* Task requirements *
Hunt through the lines below for the string "mechanical" and copy each one that has it.

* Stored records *
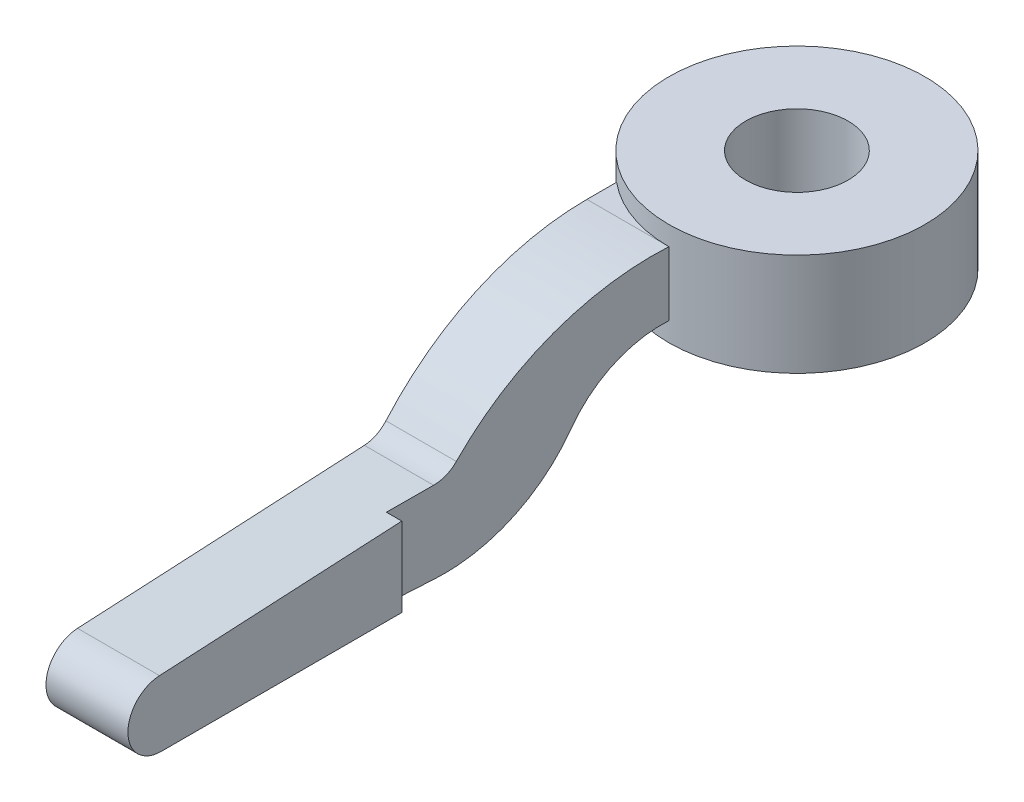
ISO-10303-21;
HEADER;
FILE_DESCRIPTION(('STEP AP214'),'2;1');
FILE_NAME('part.step','',(''),(''),'','','');
FILE_SCHEMA(('AUTOMOTIVE_DESIGN { 1 0 10303 214 1 1 1 1 }'));
ENDSEC;
DATA;
#1=APPLICATION_CONTEXT('core data for automotive mechanical design processes');
#2=APPLICATION_PROTOCOL_DEFINITION('international standard','automotive_design',2000,#1);
#3=PRODUCT_CONTEXT('',#1,'mechanical');
#4=PRODUCT('Part','Part','',(#3));
#5=PRODUCT_RELATED_PRODUCT_CATEGORY('part','',(#4));
#6=PRODUCT_DEFINITION_FORMATION('','',#4);
#7=PRODUCT_DEFINITION_CONTEXT('part definition',#1,'design');
#8=PRODUCT_DEFINITION('design','',#6,#7);
#9=PRODUCT_DEFINITION_SHAPE('','',#8);
#10=(LENGTH_UNIT() NAMED_UNIT(*) SI_UNIT(.MILLI.,.METRE.));
#11=(NAMED_UNIT(*) PLANE_ANGLE_UNIT() SI_UNIT($,.RADIAN.));
#12=(NAMED_UNIT(*) SI_UNIT($,.STERADIAN.) SOLID_ANGLE_UNIT());
#13=UNCERTAINTY_MEASURE_WITH_UNIT(LENGTH_MEASURE(1.E-05),#10,'distance_accuracy_value','');
#14=(GEOMETRIC_REPRESENTATION_CONTEXT(3) GLOBAL_UNCERTAINTY_ASSIGNED_CONTEXT((#13)) GLOBAL_UNIT_ASSIGNED_CONTEXT((#10,
#11,#12)) REPRESENTATION_CONTEXT('',''));
#15=CARTESIAN_POINT('',(0.,0.,0.));
#16=DIRECTION('',(0.,0.,1.));
#17=DIRECTION('',(1.,0.,0.));
#18=AXIS2_PLACEMENT_3D('',#15,#16,#17);
#19=CARTESIAN_POINT('',(0.,2.,0.));
#20=DIRECTION('',(0.,-1.,0.));
#21=DIRECTION('',(0.,0.,-1.));
#22=AXIS2_PLACEMENT_3D('',#19,#20,#21);
#23=CYLINDRICAL_SURFACE('',#22,2.5);
#24=DIRECTION('',(0.,-1.,0.));
#25=VECTOR('',#24,1.);
#26=CARTESIAN_POINT('',(0.,2.,2.5));
#27=LINE('',#26,#25);
#28=CARTESIAN_POINT('',(0.,1.625,2.5));
#29=VERTEX_POINT('',#28);
#30=CARTESIAN_POINT('',(0.,0.375,2.5));
#31=VERTEX_POINT('',#30);
#32=EDGE_CURVE('E190',#29,#31,#27,.T.);
#33=ORIENTED_EDGE('',*,*,#32,.T.);
#34=CARTESIAN_POINT('',(0.,0.375,0.));
#35=DIRECTION('',(0.,1.,0.));
#36=DIRECTION('',(-1.,0.,0.));
#37=AXIS2_PLACEMENT_3D('',#34,#35,#36);
#38=CIRCLE('',#37,2.5);
#39=CARTESIAN_POINT('',(-1.6,0.375,1.92093727122986));
#40=VERTEX_POINT('',#39);
#41=EDGE_CURVE('E195',#40,#31,#38,.T.);
#42=ORIENTED_EDGE('',*,*,#41,.F.);
#43=DIRECTION('',(0.,-1.,0.));
#44=VECTOR('',#43,1.);
#45=CARTESIAN_POINT('',(-1.6,2.,1.92093727122986));
#46=LINE('',#45,#44);
#47=CARTESIAN_POINT('',(-1.6,1.625,1.92093727122986));
#48=VERTEX_POINT('',#47);
#49=EDGE_CURVE('E53',#48,#40,#46,.T.);
#50=ORIENTED_EDGE('',*,*,#49,.F.);
#51=CARTESIAN_POINT('',(0.,1.625,0.));
#52=DIRECTION('',(0.,-1.,0.));
#53=DIRECTION('',(1.,0.,0.));
#54=AXIS2_PLACEMENT_3D('',#51,#52,#53);
#55=CIRCLE('',#54,2.5);
#56=EDGE_CURVE('E61',#29,#48,#55,.T.);
#57=ORIENTED_EDGE('',*,*,#56,.F.);
#58=EDGE_LOOP('',(#33,#42,#50,#57));
#59=FACE_BOUND('',#58,.T.);
#60=CARTESIAN_POINT('',(0.,2.,0.));
#61=DIRECTION('',(0.,1.,0.));
#62=DIRECTION('',(0.,0.,1.));
#63=AXIS2_PLACEMENT_3D('',#60,#61,#62);
#64=CIRCLE('',#63,2.5);
#65=CARTESIAN_POINT('',(0.,2.,2.5));
#66=VERTEX_POINT('',#65);
#67=EDGE_CURVE('E187',#66,#66,#64,.T.);
#68=ORIENTED_EDGE('',*,*,#67,.F.);
#69=EDGE_LOOP('',(#68));
#70=FACE_BOUND('',#69,.T.);
#71=CARTESIAN_POINT('',(0.,0.,0.));
#72=DIRECTION('',(0.,1.,0.));
#73=DIRECTION('',(0.,0.,1.));
#74=AXIS2_PLACEMENT_3D('',#71,#72,#73);
#75=CIRCLE('',#74,2.5);
#76=CARTESIAN_POINT('',(0.,0.,2.5));
#77=VERTEX_POINT('',#76);
#78=EDGE_CURVE('E184',#77,#77,#75,.T.);
#79=ORIENTED_EDGE('',*,*,#78,.T.);
#80=EDGE_LOOP('',(#79));
#81=FACE_BOUND('',#80,.T.);
#82=ADVANCED_FACE('F39',(#59,#70,#81),#23,.T.);
#83=CARTESIAN_POINT('',(0.,2.,0.));
#84=DIRECTION('',(0.,1.,0.));
#85=DIRECTION('',(0.,0.,1.));
#86=AXIS2_PLACEMENT_3D('',#83,#84,#85);
#87=PLANE('',#86);
#88=ORIENTED_EDGE('',*,*,#67,.T.);
#89=EDGE_LOOP('',(#88));
#90=FACE_BOUND('',#89,.T.);
#91=CARTESIAN_POINT('',(0.,2.,0.));
#92=DIRECTION('',(0.,1.,0.));
#93=DIRECTION('',(0.,0.,1.));
#94=AXIS2_PLACEMENT_3D('',#91,#92,#93);
#95=CIRCLE('',#94,1.);
#96=CARTESIAN_POINT('',(0.,2.,1.));
#97=VERTEX_POINT('',#96);
#98=EDGE_CURVE('E181',#97,#97,#95,.T.);
#99=ORIENTED_EDGE('',*,*,#98,.F.);
#100=EDGE_LOOP('',(#99));
#101=FACE_BOUND('',#100,.T.);
#102=ADVANCED_FACE('F260',(#90,#101),#87,.T.);
#103=CARTESIAN_POINT('',(0.,0.,0.));
#104=DIRECTION('',(0.,1.,0.));
#105=DIRECTION('',(0.,0.,1.));
#106=AXIS2_PLACEMENT_3D('',#103,#104,#105);
#107=PLANE('',#106);
#108=ORIENTED_EDGE('',*,*,#78,.F.);
#109=EDGE_LOOP('',(#108));
#110=FACE_BOUND('',#109,.T.);
#111=CARTESIAN_POINT('',(0.,0.,0.));
#112=DIRECTION('',(0.,1.,0.));
#113=DIRECTION('',(0.,0.,1.));
#114=AXIS2_PLACEMENT_3D('',#111,#112,#113);
#115=CIRCLE('',#114,1.);
#116=CARTESIAN_POINT('',(0.,0.,1.));
#117=VERTEX_POINT('',#116);
#118=EDGE_CURVE('E180',#117,#117,#115,.T.);
#119=ORIENTED_EDGE('',*,*,#118,.T.);
#120=EDGE_LOOP('',(#119));
#121=FACE_BOUND('',#120,.T.);
#122=ADVANCED_FACE('F264',(#110,#121),#107,.F.);
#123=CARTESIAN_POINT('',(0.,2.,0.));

* Task solution *
#1=APPLICATION_CONTEXT('core data for automotive mechanical design processes');
#3=PRODUCT_CONTEXT('',#1,'mechanical');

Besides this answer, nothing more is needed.